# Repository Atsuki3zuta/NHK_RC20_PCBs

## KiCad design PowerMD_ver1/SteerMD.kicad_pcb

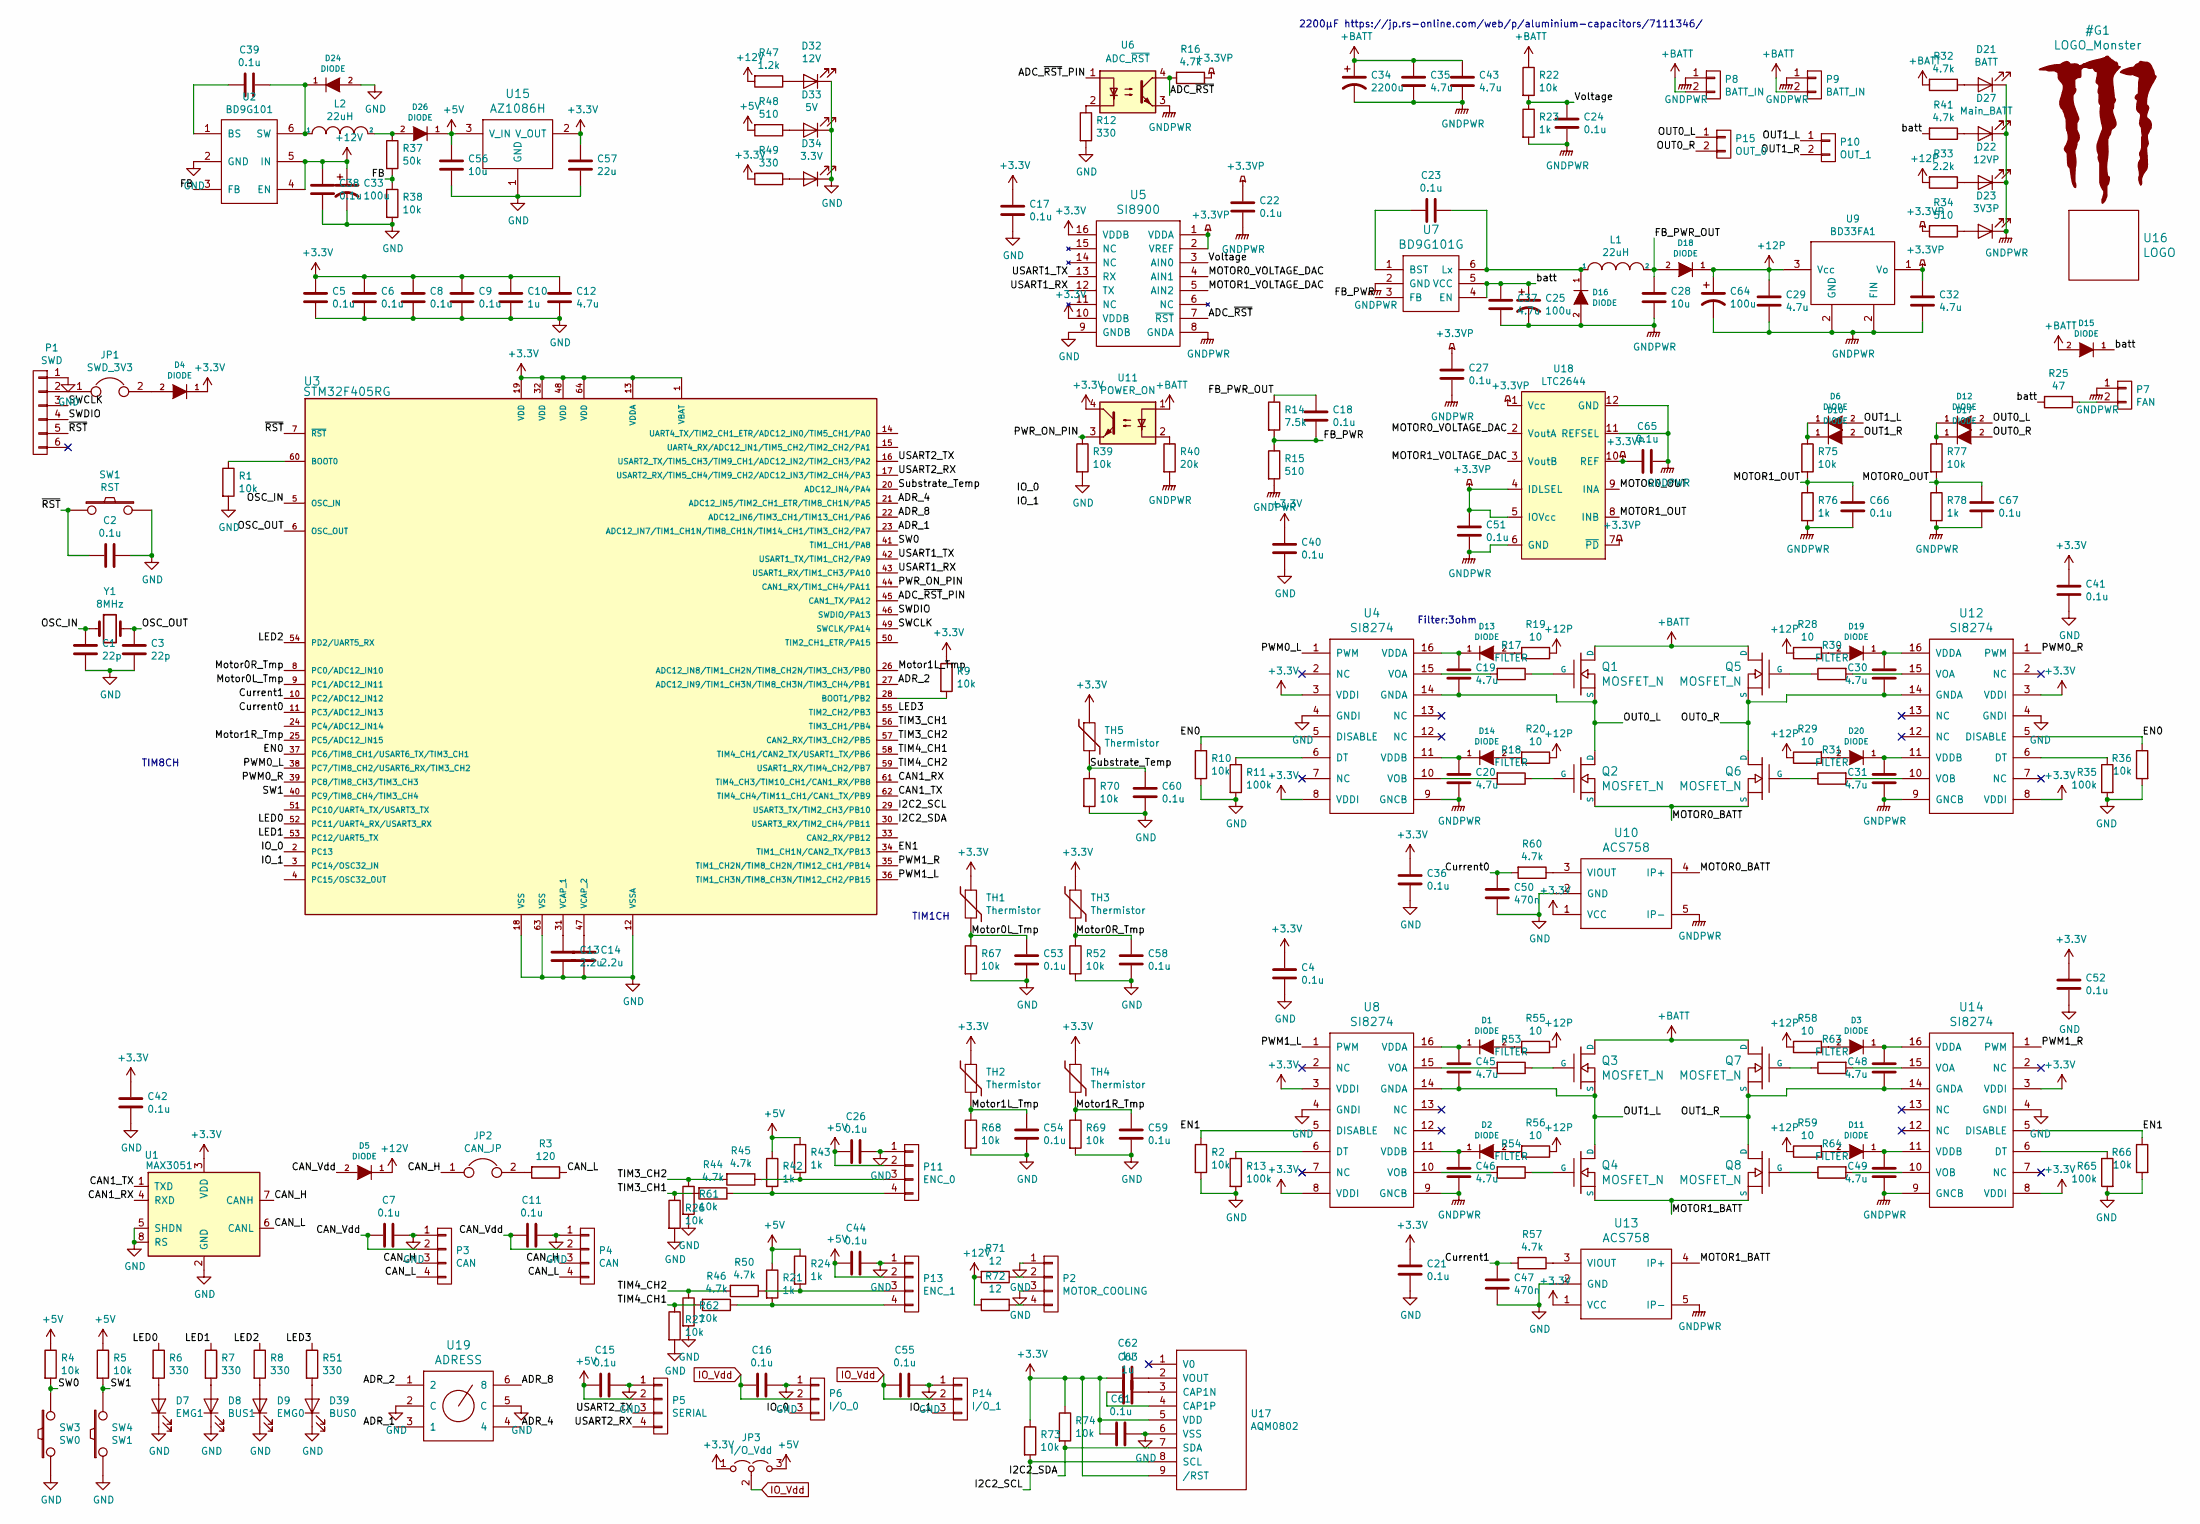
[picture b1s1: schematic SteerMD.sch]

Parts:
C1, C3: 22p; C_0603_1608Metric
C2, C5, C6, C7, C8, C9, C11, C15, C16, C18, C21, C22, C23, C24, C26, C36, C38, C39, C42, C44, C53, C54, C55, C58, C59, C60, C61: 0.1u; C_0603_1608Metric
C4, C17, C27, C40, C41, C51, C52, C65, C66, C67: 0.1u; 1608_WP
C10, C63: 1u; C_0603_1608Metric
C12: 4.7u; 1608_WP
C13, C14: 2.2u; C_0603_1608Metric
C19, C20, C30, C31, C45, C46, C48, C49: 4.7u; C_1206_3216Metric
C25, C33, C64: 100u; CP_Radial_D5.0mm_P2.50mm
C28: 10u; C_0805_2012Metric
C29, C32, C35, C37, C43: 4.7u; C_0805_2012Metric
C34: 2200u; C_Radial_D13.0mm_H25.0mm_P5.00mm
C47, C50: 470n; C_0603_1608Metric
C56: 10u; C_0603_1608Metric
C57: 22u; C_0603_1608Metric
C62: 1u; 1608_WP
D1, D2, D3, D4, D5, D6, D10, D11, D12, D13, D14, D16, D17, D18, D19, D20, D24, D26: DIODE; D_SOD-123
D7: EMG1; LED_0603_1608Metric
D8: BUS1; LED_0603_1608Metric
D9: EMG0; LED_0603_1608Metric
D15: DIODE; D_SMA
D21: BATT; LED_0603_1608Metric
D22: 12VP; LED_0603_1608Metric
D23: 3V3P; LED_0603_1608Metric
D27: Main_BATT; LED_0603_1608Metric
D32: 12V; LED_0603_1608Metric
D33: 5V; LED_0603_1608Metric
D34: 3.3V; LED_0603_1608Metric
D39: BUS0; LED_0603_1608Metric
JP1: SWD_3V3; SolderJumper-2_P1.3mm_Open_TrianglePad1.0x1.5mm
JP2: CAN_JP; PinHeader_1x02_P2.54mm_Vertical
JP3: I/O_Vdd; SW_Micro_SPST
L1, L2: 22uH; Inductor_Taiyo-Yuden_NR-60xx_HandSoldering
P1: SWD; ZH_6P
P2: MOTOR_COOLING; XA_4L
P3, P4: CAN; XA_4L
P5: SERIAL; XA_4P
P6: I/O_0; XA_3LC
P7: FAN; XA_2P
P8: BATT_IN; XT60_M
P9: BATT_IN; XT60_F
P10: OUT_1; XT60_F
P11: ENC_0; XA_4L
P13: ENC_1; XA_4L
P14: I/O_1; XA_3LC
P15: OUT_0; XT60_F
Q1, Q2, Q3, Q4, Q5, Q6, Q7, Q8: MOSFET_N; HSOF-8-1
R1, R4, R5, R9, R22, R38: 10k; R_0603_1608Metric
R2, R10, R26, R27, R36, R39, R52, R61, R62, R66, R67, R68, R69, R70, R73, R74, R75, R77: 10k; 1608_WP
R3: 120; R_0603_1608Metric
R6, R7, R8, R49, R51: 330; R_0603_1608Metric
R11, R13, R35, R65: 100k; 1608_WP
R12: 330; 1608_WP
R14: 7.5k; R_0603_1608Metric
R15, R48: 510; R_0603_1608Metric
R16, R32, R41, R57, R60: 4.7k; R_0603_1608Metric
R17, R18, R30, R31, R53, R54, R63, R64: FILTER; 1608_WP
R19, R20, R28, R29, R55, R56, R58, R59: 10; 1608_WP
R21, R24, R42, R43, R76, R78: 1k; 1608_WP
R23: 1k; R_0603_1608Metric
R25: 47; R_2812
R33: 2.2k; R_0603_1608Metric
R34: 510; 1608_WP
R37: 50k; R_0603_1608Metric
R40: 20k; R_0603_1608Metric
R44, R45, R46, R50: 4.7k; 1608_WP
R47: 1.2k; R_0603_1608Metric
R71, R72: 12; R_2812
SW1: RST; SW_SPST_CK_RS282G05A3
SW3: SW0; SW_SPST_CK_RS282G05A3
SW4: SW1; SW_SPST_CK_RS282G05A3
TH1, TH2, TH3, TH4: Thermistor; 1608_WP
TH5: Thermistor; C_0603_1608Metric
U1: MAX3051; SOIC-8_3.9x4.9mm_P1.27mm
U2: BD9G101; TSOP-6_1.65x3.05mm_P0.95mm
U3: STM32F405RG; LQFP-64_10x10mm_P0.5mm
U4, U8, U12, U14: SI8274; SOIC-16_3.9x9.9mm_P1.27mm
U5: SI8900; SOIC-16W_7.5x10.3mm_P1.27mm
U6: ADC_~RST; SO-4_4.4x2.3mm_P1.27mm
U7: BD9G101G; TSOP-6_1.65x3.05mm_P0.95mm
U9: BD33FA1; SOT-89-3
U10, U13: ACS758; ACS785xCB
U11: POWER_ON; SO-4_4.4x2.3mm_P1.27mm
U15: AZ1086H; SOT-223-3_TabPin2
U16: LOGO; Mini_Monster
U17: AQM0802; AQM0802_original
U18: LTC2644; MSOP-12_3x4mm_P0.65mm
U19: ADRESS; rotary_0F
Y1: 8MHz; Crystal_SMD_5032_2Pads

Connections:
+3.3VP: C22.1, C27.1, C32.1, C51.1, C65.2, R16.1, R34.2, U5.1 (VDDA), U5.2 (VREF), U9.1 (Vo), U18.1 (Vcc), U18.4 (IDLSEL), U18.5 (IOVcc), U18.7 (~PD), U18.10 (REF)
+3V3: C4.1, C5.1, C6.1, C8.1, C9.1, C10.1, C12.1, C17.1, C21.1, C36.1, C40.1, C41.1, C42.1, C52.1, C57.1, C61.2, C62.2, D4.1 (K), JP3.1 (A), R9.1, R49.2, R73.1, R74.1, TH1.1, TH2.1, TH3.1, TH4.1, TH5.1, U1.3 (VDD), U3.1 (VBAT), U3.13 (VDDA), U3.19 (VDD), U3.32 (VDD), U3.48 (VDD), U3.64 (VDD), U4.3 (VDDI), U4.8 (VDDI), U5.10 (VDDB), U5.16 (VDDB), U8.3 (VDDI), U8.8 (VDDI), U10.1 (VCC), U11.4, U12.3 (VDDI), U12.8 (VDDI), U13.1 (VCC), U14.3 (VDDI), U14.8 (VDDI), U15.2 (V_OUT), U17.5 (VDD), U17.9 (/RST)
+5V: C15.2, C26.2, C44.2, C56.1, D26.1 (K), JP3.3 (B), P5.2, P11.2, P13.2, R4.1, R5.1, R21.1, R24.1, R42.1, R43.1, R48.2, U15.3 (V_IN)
********
■ What is needed:
For this answer, return word for word the lines from the first line of the records through the line containing "C13, C14: 2.2u; C_0603_1608Metric". Omit the pictures.

■ Result of this exercise:
# Repository Atsuki3zuta/NHK_RC20_PCBs

## KiCad design PowerMD_ver1/SteerMD.kicad_pcb

[picture b1s1: schematic SteerMD.sch]

Parts:
C1, C3: 22p; C_0603_1608Metric
C2, C5, C6, C7, C8, C9, C11, C15, C16, C18, C21, C22, C23, C24, C26, C36, C38, C39, C42, C44, C53, C54, C55, C58, C59, C60, C61: 0.1u; C_0603_1608Metric
C4, C17, C27, C40, C41, C51, C52, C65, C66, C67: 0.1u; 1608_WP
C10, C63: 1u; C_0603_1608Metric
C12: 4.7u; 1608_WP
C13, C14: 2.2u; C_0603_1608Metric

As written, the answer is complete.